Their most valuable asset in his eyes is their Vehicle Identification Number (VIN) because it brings their history and the history of the fire departments they once served back to life.

“It'll have sentimental value [for them],” he said.

The Hose Haulers have been known to lend their fire trucks to the fire truck’s original fire companies for funeral processions for fallen members, parades, and sometimes on permanent loan with the stipulation it never be sold.

But the group has finite resources, Payntar says, and fixing up old fire trucks, some of which have been rusting in a field, can quickly become a black money hole. Connecting them back to their municipality or fire company of origin can be the ticket, because people will pay to get a piece of their history back, Payntar said.

People want it out of sentimentality, and for “paying tribute to the lost firemen of the fire department that that fire truck belonged to,” Payntar said.

Convention

Another way the Hose Haulers are hoping to drum up interest in antique fire apparatus is the national SPAAMFAA convention that they are hosting this year, an honor they have been waiting five years for. The last one they held was in 1997, Reynolds said.

The bi-annual conventions are held by SPAAMFAA chapters all around the country, and coincidentally, they will be held in New York for three years in a row: Syracuse last year, Wallkill this year, and Watertown next year.

The convention lasts for four days and starts Aug. 10 with registration and a luncheon for SPAAMFAA members. The next two days have field trips to nearby attractions planned, and on Aug. 13, there will be a 9 a.m. parade of the fire apparatus from the Middletown High School to the Truck House, the Hose Hauler’s headquarters, on Rt. 302.

A muster will follow, which includes firefighter competitions, a handmade scale model fire apparatus display, demonstrations on fire truck gold leafing, and a fire-themed flea market, among other things.

The main attraction will be the vast display of fire trucks though. In addition to some 18 Ahrens-Fox trucks, which Payntar describes as the Rolls Royce of fire trucks, they arranged to bring a 1965 NYFD Mack super pumper from the Antique Toy and Firehouse Museum in Bay City, Michigan, which Leider donated the engine for. On the museum’s now defunct website, it advertises the super pumper as the “world’s largest and most famous fire truck.”

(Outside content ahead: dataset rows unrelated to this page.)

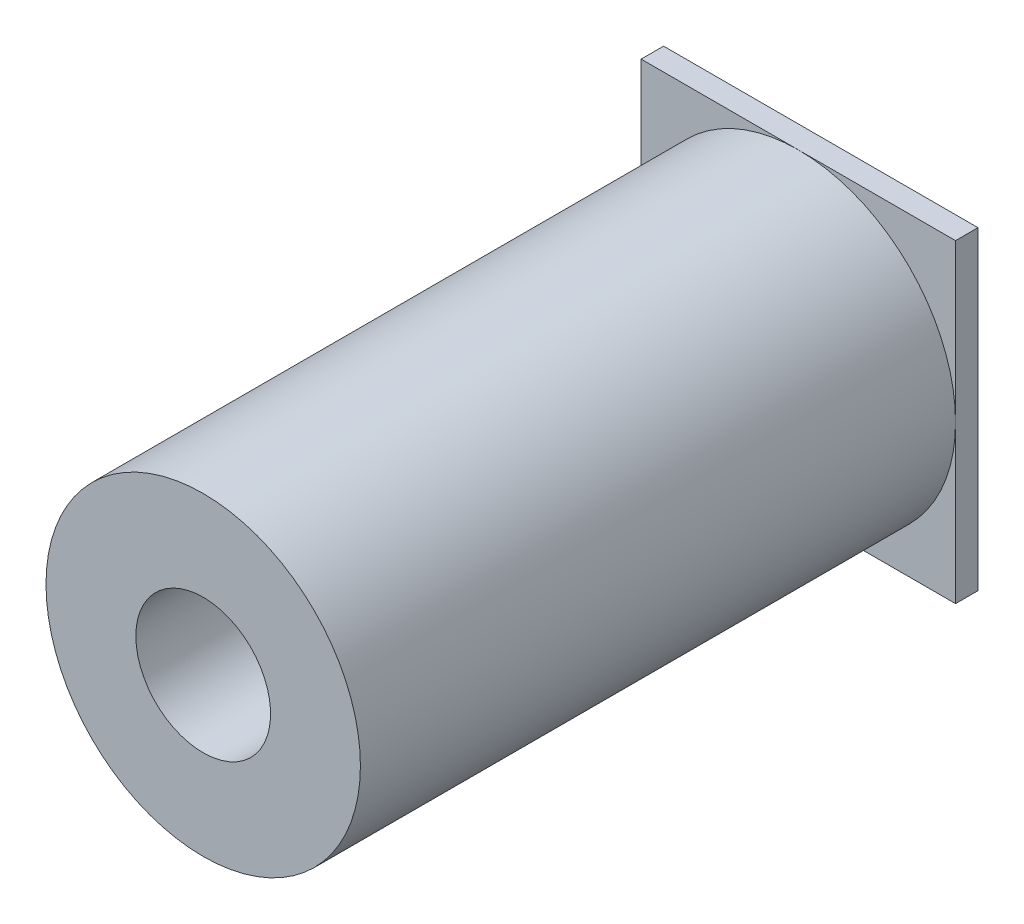
ISO-10303-21;
HEADER;
FILE_DESCRIPTION(('STEP AP214'),'2;1');
FILE_NAME('part.step','',(''),(''),'','','');
FILE_SCHEMA(('AUTOMOTIVE_DESIGN { 1 0 10303 214 1 1 1 1 }'));
ENDSEC;
DATA;
#1=APPLICATION_CONTEXT('core data for automotive mechanical design processes');
#2=APPLICATION_PROTOCOL_DEFINITION('international standard','automotive_design',2000,#1);
#3=PRODUCT_CONTEXT('',#1,'mechanical');
#4=PRODUCT('Part','Part','',(#3));
#5=PRODUCT_RELATED_PRODUCT_CATEGORY('part','',(#4));
#6=PRODUCT_DEFINITION_FORMATION('','',#4);
#7=PRODUCT_DEFINITION_CONTEXT('part definition',#1,'design');
#8=PRODUCT_DEFINITION('design','',#6,#7);
#9=PRODUCT_DEFINITION_SHAPE('','',#8);
#10=(LENGTH_UNIT() NAMED_UNIT(*) SI_UNIT(.MILLI.,.METRE.));
#11=(NAMED_UNIT(*) PLANE_ANGLE_UNIT() SI_UNIT($,.RADIAN.));
#12=(NAMED_UNIT(*) SI_UNIT($,.STERADIAN.) SOLID_ANGLE_UNIT());
#13=UNCERTAINTY_MEASURE_WITH_UNIT(LENGTH_MEASURE(1.E-05),#10,'distance_accuracy_value','');
#14=(GEOMETRIC_REPRESENTATION_CONTEXT(3) GLOBAL_UNCERTAINTY_ASSIGNED_CONTEXT((#13)) GLOBAL_UNIT_ASSIGNED_CONTEXT((#10,
#11,#12)) REPRESENTATION_CONTEXT('',''));
#15=CARTESIAN_POINT('',(0.,0.,0.));
#16=DIRECTION('',(0.,0.,1.));
#17=DIRECTION('',(1.,0.,0.));
#18=AXIS2_PLACEMENT_3D('',#15,#16,#17);
#19=CARTESIAN_POINT('',(0.,0.,2.));
#20=DIRECTION('',(0.,0.,1.));
#21=DIRECTION('',(1.,0.,0.));
#22=AXIS2_PLACEMENT_3D('',#19,#20,#21);
#23=PLANE('',#22);
#24=CARTESIAN_POINT('',(0.,0.,2.));
#25=DIRECTION('',(0.,0.,1.));
#26=DIRECTION('',(1.,0.,0.));
#27=AXIS2_PLACEMENT_3D('',#24,#25,#26);
#28=CIRCLE('',#27,14.);
#29=CARTESIAN_POINT('',(14.,0.,2.));
#30=VERTEX_POINT('',#29);
#31=CARTESIAN_POINT('',(0.,14.,2.));
#32=VERTEX_POINT('',#31);
#33=EDGE_CURVE('E48',#30,#32,#28,.T.);
#34=ORIENTED_EDGE('',*,*,#33,.F.);
#35=DIRECTION('',(0.,1.,0.));
#36=VECTOR('',#35,1.);
#37=CARTESIAN_POINT('',(14.,14.,2.));
#38=LINE('',#37,#36);
#39=CARTESIAN_POINT('',(14.,14.,2.));
#40=VERTEX_POINT('',#39);
#41=EDGE_CURVE('E99',#30,#40,#38,.T.);
#42=ORIENTED_EDGE('',*,*,#41,.T.);
#43=DIRECTION('',(-1.,0.,0.));
#44=VECTOR('',#43,1.);
#45=CARTESIAN_POINT('',(-14.,14.,2.));
#46=LINE('',#45,#44);
#47=EDGE_CURVE('E110',#40,#32,#46,.T.);
#48=ORIENTED_EDGE('',*,*,#47,.T.);
#49=EDGE_LOOP('',(#34,#42,#48));
#50=FACE_BOUND('',#49,.T.);
#51=ADVANCED_FACE('F37',(#50),#23,.T.);
#52=CARTESIAN_POINT('',(-14.,0.,2.));
#53=VERTEX_POINT('',#52);
#54=EDGE_CURVE('E11',#32,#53,#28,.T.);
#55=ORIENTED_EDGE('',*,*,#54,.F.);
#56=CARTESIAN_POINT('',(-14.,14.,2.));
#57=VERTEX_POINT('',#56);
#58=EDGE_CURVE('E98',#32,#57,#46,.T.);
#59=ORIENTED_EDGE('',*,*,#58,.T.);
#60=DIRECTION('',(0.,-1.,0.));
#61=VECTOR('',#60,1.);
#62=CARTESIAN_POINT('',(-14.,14.,2.));
#63=LINE('',#62,#61);
#64=EDGE_CURVE('E121',#57,#53,#63,.T.);
#65=ORIENTED_EDGE('',*,*,#64,.T.);
#66=EDGE_LOOP('',(#55,#59,#65));
#67=FACE_BOUND('',#66,.T.);
#68=ADVANCED_FACE('F154',(#67),#23,.T.);
#69=CARTESIAN_POINT('',(0.,-14.,2.));
#70=VERTEX_POINT('',#69);
#71=EDGE_CURVE('E46',#53,#70,#28,.T.);
#72=ORIENTED_EDGE('',*,*,#71,.F.);
#73=CARTESIAN_POINT('',(-14.,-14.,2.));
#74=VERTEX_POINT('',#73);
#75=EDGE_CURVE('E120',#53,#74,#63,.T.);
#76=ORIENTED_EDGE('',*,*,#75,.T.);
#77=DIRECTION('',(1.,0.,0.));
#78=VECTOR('',#77,1.);
#79=CARTESIAN_POINT('',(-14.,-14.,2.));
#80=LINE('',#79,#78);
#81=EDGE_CURVE('E124',#74,#70,#80,.T.);
#82=ORIENTED_EDGE('',*,*,#81,.T.);
#83=EDGE_LOOP('',(#72,#76,#82));
#84=FACE_BOUND('',#83,.T.);
#85=ADVANCED_FACE('F162',(#84),#23,.T.);
#86=CARTESIAN_POINT('',(14.,14.,2.));
#87=DIRECTION('',(-1.,0.,0.));
#88=DIRECTION('',(0.,-1.,0.));
#89=AXIS2_PLACEMENT_3D('',#86,#87,#88);
#90=PLANE('',#89);
#91=DIRECTION('',(0.,1.,0.));
#92=VECTOR('',#91,1.);
#93=CARTESIAN_POINT('',(14.,14.,0.));
#94=LINE('',#93,#92);
#95=CARTESIAN_POINT('',(14.,-14.,0.));
#96=VERTEX_POINT('',#95);
#97=CARTESIAN_POINT('',(14.,14.,0.));
#98=VERTEX_POINT('',#97);
#99=EDGE_CURVE('E127',#96,#98,#94,.T.);
#100=ORIENTED_EDGE('',*,*,#99,.T.);
#101=DIRECTION('',(0.,0.,-1.));
#102=VECTOR('',#101,1.);
#103=CARTESIAN_POINT('',(14.,14.,2.));
#104=LINE('',#103,#102);
#105=EDGE_CURVE('E41',#40,#98,#104,.T.);
#106=ORIENTED_EDGE('',*,*,#105,.F.);
#107=ORIENTED_EDGE('',*,*,#41,.F.);
#108=CARTESIAN_POINT('',(14.,-14.,2.));
#109=VERTEX_POINT('',#108);
#110=EDGE_CURVE('E91',#109,#30,#38,.T.);
#111=ORIENTED_EDGE('',*,*,#110,.F.);
#112=DIRECTION('',(0.,0.,-1.));
#113=VECTOR('',#112,1.);
#114=CARTESIAN_POINT('',(14.,-14.,2.));
#115=LINE('',#114,#113);
#116=EDGE_CURVE('E126',#109,#96,#115,.T.);
#117=ORIENTED_EDGE('',*,*,#116,.T.);
#118=EDGE_LOOP('',(#100,#106,#107,#111,#117));
#119=FACE_BOUND('',#118,.T.);
#120=ADVANCED_FACE('F39',(#119),#90,.F.);
#121=CARTESIAN_POINT('',(-14.,14.,2.));
#122=DIRECTION('',(0.,-1.,0.));
#123=DIRECTION('',(0.,0.,-1.));
#124=AXIS2_PLACEMENT_3D('',#121,#122,#123);
#125=PLANE('',#124);
#126=DIRECTION('',(-1.,0.,0.));
#127=VECTOR('',#126,1.);
#128=CARTESIAN_POINT('',(-14.,14.,0.));
#129=LINE('',#128,#127);
#130=CARTESIAN_POINT('',(-14.,14.,0.));
#131=VERTEX_POINT('',#130);
#132=EDGE_CURVE('E129',#98,#131,#129,.T.);
#133=ORIENTED_EDGE('',*,*,#132,.T.);
#134=DIRECTION('',(0.,0.,-1.));
#135=VECTOR('',#134,1.);
#136=CARTESIAN_POINT('',(-14.,14.,2.));
#137=LINE('',#136,#135);
#138=EDGE_CURVE('E115',#57,#131,#137,.T.);
#139=ORIENTED_EDGE('',*,*,#138,.F.);
#140=ORIENTED_EDGE('',*,*,#58,.F.);
#141=ORIENTED_EDGE('',*,*,#47,.F.);
#142=ORIENTED_EDGE('',*,*,#105,.T.);
#143=EDGE_LOOP('',(#133,#139,#140,#141,#142));
#144=FACE_BOUND('',#143,.T.);
#145=ADVANCED_FACE('F155',(#144),#125,.F.);
#146=CARTESIAN_POINT('',(-14.,14.,2.));
#147=DIRECTION('',(1.,0.,0.));
#148=DIRECTION('',(0.,1.,0.));
#149=AXIS2_PLACEMENT_3D('',#146,#147,#148);
#150=PLANE('',#149);
#151=DIRECTION('',(0.,-1.,0.));
#152=VECTOR('',#151,1.);
#153=CARTESIAN_POINT('',(-14.,14.,0.));
#154=LINE('',#153,#152);
#155=CARTESIAN_POINT('',(-14.,-14.,0.));
#156=VERTEX_POINT('',#155);
#157=EDGE_CURVE('E131',#131,#156,#154,.T.);
#158=ORIENTED_EDGE('',*,*,#157,.T.);
#159=DIRECTION('',(0.,0.,-1.));
#160=VECTOR('',#159,1.);
#161=CARTESIAN_POINT('',(-14.,-14.,2.));
#162=LINE('',#161,#160);
#163=EDGE_CURVE('E135',#74,#156,#162,.T.);
#164=ORIENTED_EDGE('',*,*,#163,.F.);
#165=ORIENTED_EDGE('',*,*,#75,.F.);
#166=ORIENTED_EDGE('',*,*,#64,.F.);
#167=ORIENTED_EDGE('',*,*,#138,.T.);
#168=EDGE_LOOP('',(#158,#164,#165,#166,#167));
#169=FACE_BOUND('',#168,.T.);
#170=ADVANCED_FACE('F142',(#169),#150,.F.);
#171=CARTESIAN_POINT('',(-14.,-14.,2.));
#172=DIRECTION('',(0.,1.,0.));
#173=DIRECTION('',(0.,0.,1.));
#174=AXIS2_PLACEMENT_3D('',#171,#172,#173);
#175=PLANE('',#174);
#176=DIRECTION('',(1.,0.,0.));
#177=VECTOR('',#176,1.);
#178=CARTESIAN_POINT('',(-14.,-14.,0.));
#179=LINE('',#178,#177);
#180=EDGE_CURVE('E108',#156,#96,#179,.T.);
#181=ORIENTED_EDGE('',*,*,#180,.T.);
#182=ORIENTED_EDGE('',*,*,#116,.F.);
#183=EDGE_CURVE('E94',#70,#109,#80,.T.);
#184=ORIENTED_EDGE('',*,*,#183,.F.);
#185=ORIENTED_EDGE('',*,*,#81,.F.);
#186=ORIENTED_EDGE('',*,*,#163,.T.);
#187=EDGE_LOOP('',(#181,#182,#184,#185,#186));
#188=FACE_BOUND('',#187,.T.);
#189=ADVANCED_FACE('F151',(#188),#175,.F.);
#190=EDGE_CURVE('E55',#70,#30,#28,.T.);
#191=ORIENTED_EDGE('',*,*,#190,.F.);
#192=ORIENTED_EDGE('',*,*,#183,.T.);
#193=ORIENTED_EDGE('',*,*,#110,.T.);
#194=EDGE_LOOP('',(#191,#192,#193));
#195=FACE_BOUND('',#194,.T.);
#196=ADVANCED_FACE('F93',(#195),#23,.T.);
#197=CARTESIAN_POINT('',(0.,0.,0.));
#198=DIRECTION('',(0.,0.,1.));
#199=DIRECTION('',(1.,0.,0.));
#200=AXIS2_PLACEMENT_3D('',#197,#198,#199);
#201=PLANE('',#200);
#202=CARTESIAN_POINT('',(0.,0.,0.));
#203=DIRECTION('',(0.,0.,-1.));
#204=DIRECTION('',(-1.,0.,0.));
#205=AXIS2_PLACEMENT_3D('',#202,#203,#204);
#206=CIRCLE('',#205,6.);
#207=CARTESIAN_POINT('',(-6.,0.,0.));
#208=VERTEX_POINT('',#207);
#209=EDGE_CURVE('E283',#208,#208,#206,.T.);
#210=ORIENTED_EDGE('',*,*,#209,.F.);
#211=EDGE_LOOP('',(#210));
#212=FACE_BOUND('',#211,.T.);
#213=ORIENTED_EDGE('',*,*,#99,.F.);
#214=ORIENTED_EDGE('',*,*,#180,.F.);
#215=ORIENTED_EDGE('',*,*,#157,.F.);
#216=ORIENTED_EDGE('',*,*,#132,.F.);
#217=EDGE_LOOP('',(#213,#214,#215,#216));
#218=FACE_BOUND('',#217,.T.);
#219=ADVANCED_FACE('F149',(#212,#218),#201,.F.);
#220=CARTESIAN_POINT('',(0.,0.,55.));
#221=DIRECTION('',(0.,0.,-1.));
#222=DIRECTION('',(-1.,0.,0.));
#223=AXIS2_PLACEMENT_3D('',#220,#221,#222);
#224=CYLINDRICAL_SURFACE('',#223,14.);
#225=CARTESIAN_POINT('',(0.,0.,55.));
#226=DIRECTION('',(0.,0.,1.));
#227=DIRECTION('',(1.,0.,0.));
#228=AXIS2_PLACEMENT_3D('',#225,#226,#227);
#229=CIRCLE('',#228,14.);
#230=CARTESIAN_POINT('',(14.,0.,55.));
#231=VERTEX_POINT('',#230);
#232=EDGE_CURVE('E112',#231,#231,#229,.T.);
#233=ORIENTED_EDGE('',*,*,#232,.F.);
#234=EDGE_LOOP('',(#233));
#235=FACE_BOUND('',#234,.T.);
#236=ORIENTED_EDGE('',*,*,#33,.T.);
#237=ORIENTED_EDGE('',*,*,#54,.T.);
#238=ORIENTED_EDGE('',*,*,#71,.T.);
#239=ORIENTED_EDGE('',*,*,#190,.T.);
#240=EDGE_LOOP('',(#236,#237,#238,#239));
#241=FACE_BOUND('',#240,.T.);
#242=ADVANCED_FACE('F114',(#235,#241),#224,.T.);
#243=CARTESIAN_POINT('',(0.,0.,55.));
#244=DIRECTION('',(0.,0.,1.));
#245=DIRECTION('',(1.,0.,0.));
#246=AXIS2_PLACEMENT_3D('',#243,#244,#245);
#247=PLANE('',#246);
#248=CARTESIAN_POINT('',(0.,0.,55.));
#249=DIRECTION('',(0.,0.,-1.));
#250=DIRECTION('',(-1.,0.,0.));
#251=AXIS2_PLACEMENT_3D('',#248,#249,#250);
#252=CIRCLE('',#251,6.);
#253=CARTESIAN_POINT('',(-6.,0.,55.));
#254=VERTEX_POINT('',#253);
#255=EDGE_CURVE('E113',#254,#254,#252,.T.);
#256=ORIENTED_EDGE('',*,*,#255,.T.);
#257=EDGE_LOOP('',(#256));
#258=FACE_BOUND('',#257,.T.);
#259=ORIENTED_EDGE('',*,*,#232,.T.);
#260=EDGE_LOOP('',(#259));
#261=FACE_BOUND('',#260,.T.);
#262=ADVANCED_FACE('F221',(#258,#261),#247,.T.);
#263=CARTESIAN_POINT('',(0.,0.,55.));
#264=DIRECTION('',(0.,0.,-1.));
#265=DIRECTION('',(-1.,0.,0.));
#266=AXIS2_PLACEMENT_3D('',#263,#264,#265);
#267=CYLINDRICAL_SURFACE('',#266,6.);
#268=ORIENTED_EDGE('',*,*,#255,.F.);
#269=EDGE_LOOP('',(#268));
#270=FACE_BOUND('',#269,.T.);
#271=ORIENTED_EDGE('',*,*,#209,.T.);
#272=EDGE_LOOP('',(#271));
#273=FACE_BOUND('',#272,.T.);
#274=ADVANCED_FACE('F239',(#270,#273),#267,.F.);
#275=CLOSED_SHELL('',(#51,#68,#85,#120,#145,#170,#189,#196,#219,#242,#262,#274));
#276=MANIFOLD_SOLID_BREP('B2',#275);
#277=ADVANCED_BREP_SHAPE_REPRESENTATION('',(#18,#276),#14);
#278=SHAPE_DEFINITION_REPRESENTATION(#9,#277);
ENDSEC;
END-ISO-10303-21;

When asked how many fire trucks would be in the parade, the organizers said they had 50 signed up as of Aug. 10, but had no idea how many would show up.

Reynolds said SPAAMFAA members try to make it to each others shows when they can, so they are expecting members from across the country and Canada, and maybe even some from overseas.

“You can’t get a motel room [in the area], period,” said Reynolds.

Some 340 people had signed up for the convention as of Aug. 5, but because the muster is open and free to the public, they expect the attendance to be much higher, likely over 1,000.

They also hope their membership will be higher once the convention is over with all the publicity they’re getting. Payntar said he hopes it gets people into the hobby, and emphasizes there is no requirement that someone own a fire truck to be a Hose Hauler member. All that’s required is that they pay their dues.

“A car is really cool but a fire truck’s a lot of fun,” Payntar said, advertising the club. “It pumps water. A car, you can just pump gas through it. A car you can pop the trunk, but a fire truck you can put the ladder up if you had a ladder truck.”